**WHAT YOU SHOULD DO**
Up to and including the line holding "constraint parallel L2 L4", write out the data exactly from its first line, but not the pictures.

**MATERIAL TO PROCESS**
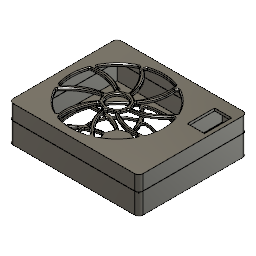
120mm_Solder_Fume_Extractor (Autodesk Fusion 360 design; units mm, degrees)
Autodesk Fusion 360 part; units mm, degrees
sketch "Skizze1" plane through (0, 0, 0) normal (0, 1, 0) x (1, 0, 0)
  circle A0 centre (-52.5, 52.5) radius 2.5
  line L0 (1.75, 0) -> (22.5, 0)
  line L1 (0, -1.75) -> (0, -22.5)
  circle A1 centre (-52.5, -52.5) radius 2.5
  circle A2 centre (52.5, 52.5) radius 2.5
  circle A3 centre (52.5, -52.5) radius 2.5
  line L2 (65, 65) -> (-65, 65)
  line L3 (-65, 65) -> (-65, -65)
  line L4 (-65, -65) -> (65, -65)
  line L5 (65, -65) -> (65, 65)
  line L6 (65, 65) -> (-65, -65) construction
  line L7 (-65, 65) -> (65, -65) construction
  circle A4 centre (0, 0) radius 55
  dimension "d1" = 5
  dimension "d2" = 5
  dimension "d3" = 5
  dimension "d4" = 5
  dimension "d5" = 105
  dimension "d6" = 105
  dimension "d7" = 130
  dimension "d8" = 130
  dimension "d9" = 110
  constraint symmetric A0 L1 A2
  constraint symmetric A0 L0 A1
  constraint symmetric L0 A2 A3
  constraint symmetric L1 A1 A3
  constraint perpendicular L2 L3
  constraint parallel L2 L4
  constraint parallel L3 L5
  constraint horizontal L2
  constraint coincident L6 A4.centre
  constraint coincident L7 A4.centre
  constraint coincident A4.centre origin
  measures "d1" diameter of A0
  measures "d2" diameter of A1
  measures "d3" diameter of A2
  measures "d4" diameter of A3
  measures "d5" vertical distance of A0.centre A1.centre
  measures "d6" horizontal distance of A0.centre A2.centre
  measures "d7" distance of L2.end L3.end
  measures "d8" distance of L3.end L4.end
  measures "d9" diameter of A4
extrude "Extrusion1" add sketch "Skizze1" along normal blind 3 makes body 1
sketch "Skizze2" plane through (0, 0, 0) normal (0, 1, 0) x (1, 0, 0)
  circle A0 centre (0, 0) radius 15
  circle A1 centre (0, 0) radius 55
  arc A2 (0, 0) -> (-18.8111, -51.6831) centre (39.1969, -43.5314) ccw
  arc A3 (0, 0) -> (-21.9924, -50.4117) centre (22.9762, -40.0265) ccw
  dimension "d12" = 30
  constraint coincident A0.centre A1.centre
  measures "d12" diameter of A0
extrude "Extrusion2" add sketch "Skizze2" along normal blind 3 separate body contours A0 A2 A3 | A0 A1 A2 A3 picked at (-8.6621, -7.7901) picked at (-19.3508, -31.0789) makes body 2
sketch "Skizze3" plane through (0, 3, 0) normal (0, 1, 0) x (-1, 0, 0)
  circle A0 centre (-52.5, 52.5) radius 2.5
  circle A1 centre (52.5, -52.5) radius 2.5
  circle A2 centre (-52.5, -52.5) radius 2.5
  circle A3 centre (52.5, 52.5) radius 2.5
  line L0 (-65, 65) -> (-65, -65)
  line L1 (-65, -65) -> (65, -65)
  line L2 (65, -65) -> (65, 65)
  line L3 (65, 65) -> (-65, 65)
  line L4 (65, -65) -> (61, -65)
  line L5 (61, -65) -> (61, 65)
  line L6 (61, 65) -> (65, 65)
  line L7 (65, 65) -> (65, -65)
  line L8 (65, 65) -> (-65, 65)
  line L9 (-65, 65) -> (-65, 61)
  line L10 (-65, 61) -> (65, 61)
  line L11 (65, 61) -> (65, 65)
  line L12 (-65, 65) -> (-61, 65)
  line L13 (-61, 65) -> (-61, -65)
  line L14 (-61, -65) -> (-65, -65)
  line L15 (-65, -65) -> (-65, 65)
  line L16 (-65, -65) -> (65, -65)
  line L17 (65, -65) -> (65, -61)
  line L18 (65, -61) -> (-65, -61)
  line L19 (-65, -61) -> (-65, -65)
  circle A4 centre (0, 0) radius 55
  dimension "d15" = 4
  dimension "d16" = 4
  dimension "d17" = 4
  dimension "d18" = 4
  constraint horizontal L4
  constraint vertical L5
  constraint horizontal L6
  constraint vertical L7
  constraint coincident L1.end L2.start
  constraint horizontal L8
  constraint vertical L9
  constraint horizontal L10
  constraint vertical L11
  constraint horizontal L12
  constraint vertical L13
  constraint horizontal L14
  constraint vertical L15
  constraint horizontal L16
  constraint vertical L17
  constraint horizontal L18
  constraint vertical L19
  constraint coincident L2 L17.end
  measures "d15" distance of L1.end L4.end
  measures "d16" distance of L2.end L10.end
  measures "d17" distance of L0.start L12.end
  measures "d18" distance of L0.end L18.end
extrude "Extrusion3" add sketch "Skizze3" along normal blind 20 contours L0 L3 L8 L9 L10 L12 L13 L15 | L0 L10 L13 L15 L18 | L3 L5 L8 L10 L13 | L0 L1 L13 L14 L15 L16 L18 L19 | L2 L3 L5 L6 L7 L8 L10 L11 | L1 L5 L13 L16 L18 | L2 L5 L7 L10 L18 | L1 L2 L4 L5 L7 L16 L17 L18 bodies 1
sketch "Skizze4" plane through (0, 0, 0) normal (0, 1, 0) x (1, 0, 0)
  line L0 (65, -65) -> (91, -65)
  line L1 (91, -65) -> (91, 65)
  line L2 (91, 65) -> (65, 65)
  line L3 (65, 65) -> (65, -65)
  point P0 (65, -65)
  dimension "d21" = 26
  constraint horizontal L0
  constraint vertical L1
  constraint horizontal L2
  constraint vertical L3
  constraint coincident P0 L0.start
  measures "d21" distance of P0 L0.end
extrude "Extrusion4" add sketch "Skizze4" along normal blind 3 bodies 1
sketch "Skizze5" plane through (0, 3, 0) normal (0, 1, 0) x (-1, 0, 0)
  line L0 (-65, -65) -> (-65, 65)
  line L1 (-65, 65) -> (-91, 65)
  line L2 (-91, 65) -> (-91, -65)
  line L3 (-91, -65) -> (-65, -65)
  line L4 (-91, -65) -> (-65, -65)
  line L5 (-65, -65) -> (-65, -61)
  line L6 (-65, -61) -> (-91, -61)
  line L7 (-91, -61) -> (-91, -65)
  line L8 (-91, 65) -> (-87, 65)
  line L9 (-87, 65) -> (-87, -65)
  line L10 (-87, -65) -> (-91, -65)
  line L11 (-91, -65) -> (-91, 65)
  line L12 (-91, 65) -> (-65, 65)
  line L13 (-65, 65) -> (-65, 61)
  line L14 (-65, 61) -> (-91, 61)
  line L15 (-91, 61) -> (-91, 65)
  dimension "d24" = 4
  dimension "d25" = 4
  dimension "d26" = 4
  constraint horizontal L4
  constraint vertical L5
  constraint horizontal L6
  constraint vertical L7
  constraint coincident L2.end L3.start
  constraint horizontal L8
  constraint vertical L9
  constraint horizontal L10
  constraint vertical L11
  constraint coincident L1.end L2.start
  constraint horizontal L12
  constraint vertical L13
  constraint horizontal L14
  constraint vertical L15
  measures "d24" distance of L2.end L6.end
  measures "d25" distance of L1.end L8.end
  measures "d26" distance of L1.end L14.end
extrude "Extrusion5" add sketch "Skizze5" along normal blind 20 contours L0 L3 L4 L5 L6 L9 | L2 L3 L4 L6 L7 L9 L10 L11 | L0 L1 L9 L12 L13 L14 | L2 L6 L9 L11 L14 | L1 L2 L8 L9 L11 L12 L14 L15 bodies 1
sketch "Skizze6" plane through (0, 0, -61) normal (0, 0, 1) x (1, 0, 0)
  line L0 (65, 3) -> (87, 3)
  line L1 (87, 3) -> (87, 23)
  line L2 (87, 23) -> (65, 23)
  line L3 (65, 23) -> (65, 3)
  line L4 (67, 23) -> (85, 23)
  line L5 (85, 23) -> (85, 21)
  line L6 (85, 21) -> (67, 21)
  line L7 (67, 21) -> (67, 23)
  line L8 (71.5, 21) -> (80.5, 21)
  line L9 (80.5, 21) -> (80.5, 17)
  line L10 (80.5, 17) -> (71.5, 17)
  line L11 (71.5, 17) -> (71.5, 21)
  dimension "d29" = 18
  dimension "d31" = 9
  dimension "d32" = 4
  dimension "d33" = 4.5
  constraint horizontal L4
  constraint vertical L5
  constraint horizontal L6
  constraint vertical L7
  constraint coincident L2 L4.start
  constraint horizontal L8
  constraint vertical L9
  constraint horizontal L10
  constraint vertical L11
  constraint coincident L6 L8.start
  measures "d29" distance of L4.start L4.end
  measures "d31" distance of L8.start L8.end
  measures "d32" distance of L8.start L10.end
  measures "d33" distance of L7 L11
extrude "Extrusion6" cut sketch "Skizze6" against normal blind 4 contours L2 L4 L5 L6 L7 L8 | L6 L8 L9 L10 L11 bodies 1
sketch "Skizze7" plane through (0, 23, 0) normal (0, 1, 0) x (-1, 0, 0)
  line L0 (-61, -61) -> (-61, 61)
  line L1 (-61, 61) -> (61, 61)
  line L2 (61, 61) -> (61, -61)
  line L3 (61, -61) -> (-61, -61)
  line L4 (-65, 61) -> (-65, -61)
  line L5 (-67, -65) -> (65, -65)
  line L6 (65, -65) -> (65, 65)
  line L7 (65, 65) -> (-91, 65)
  line L8 (65, 65) -> (63, 65)
  line L9 (63, -65) -> (65, -65)
  line L10 (65, -65) -> (65, 65)
  line L11 (65, 65) -> (-65, 65)
  line L12 (-65, 65) -> (-65, 63.2)
  line L13 (-65, 63.2) -> (65, 63.2)
  line L14 (65, 63.2) -> (65, 65)
  line L15 (65, -65) -> (-65, -65)
  line L16 (-65, -65) -> (-65, -63)
  line L17 (65, -63) -> (65, -65)
  line L18 (65, 65) -> (63.2, 65)
  line L19 (63.2, 65) -> (63.2, -65)
  line L20 (63.2, -65) -> (65, -65)
  line L21 (65, -65) -> (65, 65)
  line L22 (65, -65) -> (-65, -65)
  line L23 (-65, -65) -> (-65, -63.2)
  line L24 (-65, -63.2) -> (65, -63.2)
  line L25 (65, -63.2) -> (65, -65)
  line L26 (-67, -61) -> (-67, -65)
  line L27 (-91, 65) -> (-91, -65)
  line L28 (-91, -65) -> (-85, -65)
  line L29 (-85, -65) -> (-85, -61)
  line L30 (-85, -61) -> (-87, -61)
  line L31 (-87, -61) -> (-87, 61)
  line L32 (-87, 61) -> (-65, 61)
  line L33 (-65, -61) -> (-67, -61)
  dimension "d36" = 2
  dimension "d37" = 1.8
  dimension "d46" = 1.8
  dimension "d47" = 1.8
  constraint horizontal L8
  constraint horizontal L9
  constraint vertical L10
  constraint coincident L6.end L7.start
  constraint horizontal L11
  constraint vertical L12
  constraint horizontal L13
  constraint vertical L14
  constraint horizontal L15
  constraint vertical L16
  constraint coincident L5.end L6.start
  constraint horizontal L18
  constraint vertical L19
  constraint horizontal L20
  constraint vertical L21
  constraint horizontal L22
  constraint vertical L23
  constraint horizontal L24
  constraint vertical L25
  measures "d36" distance of L6.end L8.end
  measures "d37" distance of L6.end L13.end
  measures "d46" distance of L6.end L18.end
  measures "d47" distance of L5.end L24.end
extrude "Extrusion7" add sketch "Skizze7" along normal blind 2 contours L5 L9 L15 L16 L19 L22 L23 L24 | L5 L6 L9 L10 L15 L17 L19 L20 L21 L22 L24 L25 | L6 L10 L13 L17 L19 L21 L24 | L6 L7 L8 L10 L11 L13 L14 L18 L19 L21 | L7 L8 L11 L12 L13 L19 bodies 1
sketch "Skizze8" plane through (0, 23, 0) normal (0, 1, 0) x (-1, 0, 0)
  line L0 (-85, -65) -> (-85, -61)
  line L1 (-85, -61) -> (-87, -61)
  line L2 (-87, -61) -> (-87, 61)
  line L3 (-87, 61) -> (-65, 61)
  line L4 (-65, 65) -> (-91, 65)
  line L5 (-91, 65) -> (-91, -65)
  line L6 (-91, -65) -> (-85, -65)
  line L7 (-85, -65) -> (-91, -65)
  line L8 (-91, -65) -> (-91, -63.2)
  line L9 (-91, -63.2) -> (-85, -63.2)
  line L10 (-85, -63.2) -> (-85, -65)
  line L11 (-91, -65) -> (-89.2, -65)
  line L12 (-89.2, -65) -> (-89.2, 65)
  line L13 (-89.2, 65) -> (-91, 65)
  line L14 (-91, 65) -> (-91, -65)
  line L15 (-91, 65) -> (-65, 65)
  line L16 (-65, 65) -> (-65, 63.2)
  line L17 (-65, 63.2) -> (-91, 63.2)
  line L18 (-91, 63.2) -> (-91, 65)
  line L19 (-65, -65) -> (-67, -65)
  line L20 (-67, -65) -> (-67, -63.2)
  line L21 (-67, -63.2) -> (-65, -63.2)
  line L22 (-65, -63.2) -> (-65, -65)
  line L23 (-61, -61) -> (-61, 61)
  line L24 (-61, 61) -> (61, 61)
  line L25 (61, 61) -> (61, -61)
  line L26 (61, -61) -> (-61, -61)
  line L27 (-65, -65) -> (-65, -63.2)
  line L28 (-65, -63.2) -> (63.2, -63.2)
  line L29 (63.2, -63.2) -> (63.2, 63.2)
  line L30 (63.2, 63.2) -> (-65, 63.2)
  line L31 (-65, 63.2) -> (-65, 65)
  line L32 (-65, 61) -> (-65, -61)
  line L33 (-65, -61) -> (-67, -61)
  line L34 (-67, -61) -> (-67, -65)
  line L35 (-67, -65) -> (-65, -65)
  point P0 (-91, -65)
  point P1 (-67, -65)
  point P2 (-85, -65)
  point P3 (-65, -65)
  dimension "d40" = 1.8
  dimension "d41" = 1.8
  dimension "d42" = 1.8
  dimension "d43" = 1.8
  constraint horizontal L7
  constraint vertical L8
  constraint horizontal L9
  constraint vertical L10
  constraint coincident P2 L0.start
  constraint horizontal L11
  constraint vertical L12
  constraint horizontal L13
  constraint vertical L14
  constraint coincident P0 L5.end
  constraint horizontal L15
  constraint vertical L16
  constraint horizontal L17
  constraint vertical L18
  constraint horizontal L19
  constraint vertical L20
  constraint horizontal L21
  constraint vertical L22
  measures "d40" distance of P2 L9.end
  measures "d41" distance of P0 L11.end
  measures "d42" distance of L4.end L17.end
  measures "d43" distance of P3 L21.end
extrude "Extrusion8" add sketch "Skizze8" along normal blind 2 contours L0 L6 L7 L9 L10 L12 | L5 L6 L7 L8 L9 L11 L12 L14 | L5 L9 L12 L14 L17 | L4 L5 L12 L13 L14 L15 L17 L18 | L4 L12 L15 L16 L17 L31 | L19 L20 L21 L22 L27 L34 L35 bodies 1
ref_plane "Arbeitsebene2" through (13, 25.2, 0) normal (0, 1, 0) x (0, 0, 1)
sketch "Skizze29" plane through (13, 25.2, 0) normal (0, 1, 0) x (1, 0, 0)
  line L0 (-78, -65) -> (78, -65)
  line L1 (78, -65) -> (78, 65)
  line L2 (78, 65) -> (72, 65)
  line L3 (72, 65) -> (72, 63.2)
  line L4 (72, 63.2) -> (76.2, 63.2)
  line L5 (76.2, 63.2) -> (76.2, -63.2)
  line L6 (76.2, -63.2) -> (-76.2, -63.2)
  line L7 (-76.2, -63.2) -> (-76.2, 63.2)
  line L8 (-76.2, 63.2) -> (54, 63.2)
  line L9 (54, 63.2) -> (54, 65)
  line L10 (54, 65) -> (-78, 65)
  line L11 (-78, 65) -> (-78, -65)
  line L12 (76.2, 63.2) -> (72, 63.2)
  line L13 (72, 63.2) -> (72, 61)
  line L14 (72, 61) -> (74, 61)
  line L15 (74, 61) -> (74, -61)
  line L16 (74, -61) -> (52, -61)
  line L17 (52, -61) -> (52, 61)
  line L18 (52, 61) -> (54, 61)
  line L19 (54, 61) -> (54, 63.2)
  line L20 (54, 63.2) -> (-76.2, 63.2)
  line L21 (-76.2, 63.2) -> (-76.2, -63.2)
  line L22 (-76.2, -63.2) -> (76.2, -63.2)
  line L23 (76.2, -63.2) -> (76.2, 63.2)
  line L24 (48, 61) -> (48, -61)
  line L25 (48, -61) -> (-74, -61)
  line L26 (-74, -61) -> (-74, 61)
  line L27 (-74, 61) -> (48, 61)
  line L28 (54, 61) -> (58.5, 61)
  line L29 (58.5, 61) -> (58.5, 65)
  line L30 (58.5, 65) -> (54, 65)
  line L31 (54, 65) -> (54, 61)
  line L32 (58.5, 61) -> (67.5, 61)
  line L33 (67.5, 61) -> (67.5, 65)
  line L34 (67.5, 65) -> (58.5, 65)
  line L35 (58.5, 65) -> (58.5, 61)
  line L36 (67.5, 61) -> (72, 61)
  line L37 (72, 61) -> (72, 65)
  line L38 (72, 65) -> (67.5, 65)
  line L39 (67.5, 65) -> (67.5, 61)
extrude "Extrusion28" add sketch "Skizze29" along normal blind 15 separate body contours L0 L1 L2 L3 L4 L5 L6 L7 L8 L9 L10 L11 L12 L20 L21 L22 L23 L31 L37 | L9 L19 L28 L29 L30 L31 L35 | L3 L13 L33 L36 L37 L38 L39 | L4 L5 L6 L7 L8 L12 L13 L14 L15 L16 L17 L18 L19 L20 L21 L22 L23 L31 L37 | L29 L32 L33 L34 L35 L39 makes body 3
sketch "Skizze30" plane through (0, 40.2, 0) normal (0, 1, 0) x (-1, 0, 0)
  line L0 (-65, -61) -> (-87, -61)
  line L1 (-87, -61) -> (-87, 61)
  line L2 (-87, 61) -> (-65, 61)
  line L3 (-65, 61) -> (-65, -61)
  line L4 (61, 61) -> (61, -61)
  line L5 (61, -61) -> (-61, -61)
  line L6 (-61, -61) -> (-61, 61)
  line L7 (-61, 61) -> (61, 61)
  line L8 (-91, -65) -> (65, -65)
  line L9 (65, -65) -> (65, 65)
  line L10 (65, 65) -> (-91, 65)
  line L11 (-91, 65) -> (-91, -65)
  line L12 (-87, -61) -> (-65, -61)
  line L13 (-65, -61) -> (-65, 61)
  line L14 (-65, 61) -> (-87, 61)
  line L15 (-87, 61) -> (-87, -61)
  line L16 (61, -61) -> (61, 61)
  line L17 (61, 61) -> (-61, 61)
  line L18 (-61, 61) -> (-61, -61)
  line L19 (-61, -61) -> (61, -61)
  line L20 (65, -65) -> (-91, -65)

**ANSWER SECTION**
120mm_Solder_Fume_Extractor (Autodesk Fusion 360 design; units mm, degrees)
Autodesk Fusion 360 part; units mm, degrees
sketch "Skizze1" plane through (0, 0, 0) normal (0, 1, 0) x (1, 0, 0)
  circle A0 centre (-52.5, 52.5) radius 2.5
  line L0 (1.75, 0) -> (22.5, 0)
  line L1 (0, -1.75) -> (0, -22.5)
  circle A1 centre (-52.5, -52.5) radius 2.5
  circle A2 centre (52.5, 52.5) radius 2.5
  circle A3 centre (52.5, -52.5) radius 2.5
  line L2 (65, 65) -> (-65, 65)
  line L3 (-65, 65) -> (-65, -65)
  line L4 (-65, -65) -> (65, -65)
  line L5 (65, -65) -> (65, 65)
  line L6 (65, 65) -> (-65, -65) construction
  line L7 (-65, 65) -> (65, -65) construction
  circle A4 centre (0, 0) radius 55
  dimension "d1" = 5
  dimension "d2" = 5
  dimension "d3" = 5
  dimension "d4" = 5
  dimension "d5" = 105
  dimension "d6" = 105
  dimension "d7" = 130
  dimension "d8" = 130
  dimension "d9" = 110
  constraint symmetric A0 L1 A2
  constraint symmetric A0 L0 A1
  constraint symmetric L0 A2 A3
  constraint symmetric L1 A1 A3
  constraint perpendicular L2 L3
  constraint parallel L2 L4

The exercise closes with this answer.